The European Commission came up today with an anti-tax avoidance package aiming at clamping down tax dodging. The package makes it clear that the European Union needs to clean up its act on tax havens, starting from its own financial arm – the European Investment Bank (EIB).
The communication External Strategy for Effective Taxation recalls that European legislation prohibits EU funds from being invested in entities in third countries which do not comply with international tax transparency standards. Therefore, it calls on EU international financial institutions – namely the EIB and the European Investment Fund (part of the EIB group) – “to transpose good governance requirements in their contracts with all selected financial intermediaries”. The Commission also claims that the EIB needs to go further than the current transparency requirements to ensure fair tax competition.
It goes on by regretting that “in the past [it] has had to block certain projects submitted by the [financial institutions – meaning the EIB] because they involved unjustifiably complex tax arrangements through harmful or no tax regimes in third countries”. As a consequence, the Commission states that it will include more stringent tax good governance standards covering EIB operations in its reference legislation in the field – the so-called “Financial Regulation”.
Counter Balance welcomes those necessary measures announced by the European Commission.
Xavier Sol, Counter Balance director, says: “Now that the European Commission is putting pressure on the EIB to act, the EIB has no excuse for not doing more. It is the sole responsibility of the bank and its shareholders – the European Member States represented by the bank’s directors – to take necessary measures for the EIB to become a leader on responsible taxation. For the Union to put its own house in order, it should ensure that the EU’s Bank genuinely fights tax avoidance and tax evasion.”
Notes to editors
* Counter Balance’s report “Towards a responsible taxation policy for the EIB” published in April 2015 called on the EU’s public bank to grasp the political momentum at EU level to prevent any public money from flowing through tax havens.
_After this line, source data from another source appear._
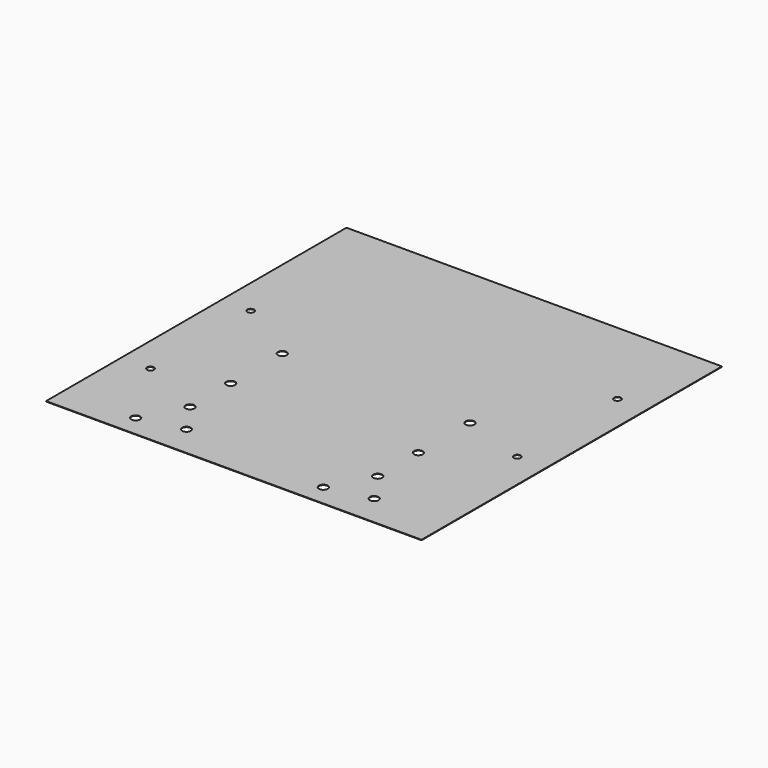
from build123d import *

# Parameters (mm, degrees)
F0_W     = 609.6
F0_H     = 609.6
F1_DEPTH = 0.79375
F2_R     = 5.55625
F3_DEPTH = 25.4
F4_R     = 7.14375
F5_DEPTH = 25.4


# Not quite as in the source:
# - a feature names something its author has since deleted; it is built from what else it names


with BuildPart() as f1:
    # F0 (on Top) → F1 (new body)
    with BuildSketch(Plane.XY):
        with Locations((304.8, 304.8)):
            Rectangle(F0_W, F0_H)
    extrude(amount=F1_DEPTH)

    # F2 (on face) → F3 (cut)
    with BuildSketch(Plane.XY.offset(0.79375)):
        with Locations((47.625, 152.4)):
            Circle(F2_R)
        with Locations((47.625, 355.6)):
            Circle(F2_R)
        with Locations((561.975, 254)):
            Circle(F2_R)
        with Locations((561.975, 457.2)):
            Circle(F2_R)
    extrude(amount=-F3_DEPTH, mode=Mode.SUBTRACT)

    # F4 (on face) → F5 (cut)
    with BuildSketch(Plane.XY.offset(0.79375)):
        with Locations((187.325, 50.8)):
            Circle(F4_R)
        with Locations((117.475, 34.925)):
            Circle(F4_R)
        with Locations((152.4, 101.6)):
            Circle(F4_R)
        with Locations((152.4, 184.15)):
            Circle(F4_R)
        with Locations((152.4, 288.925)):
            Circle(F4_R)
        with Locations((422.275, 34.925)):
            Circle(F4_R)
        with Locations((492.125, 50.8)):
            Circle(F4_R)
        with Locations((457.2, 101.6)):
            Circle(F4_R)
        with Locations((457.2, 184.15)):
            Circle(F4_R)
        with Locations((457.2, 288.925)):
            Circle(F4_R)
    extrude(amount=-F5_DEPTH, mode=Mode.SUBTRACT)


solid = f1.part

The report highlighted several cases which show EIB funds have been granted to beneficiaries that allegedly used tax havens to increase their profits or to embezzle proceeds from corruption. It also listed several EIB investments in developing countries that run through tax havens. Therefore, Counter Balance asked the bank to update its current tax havens policy and adopt a real “Responsible Taxation Policy”.
* This position was supported in a resolution of the European Parliament in May 2015 which urged the bank to develop a responsible taxation policy that includes country by country reporting and the identification of the beneficial ownership of its clients.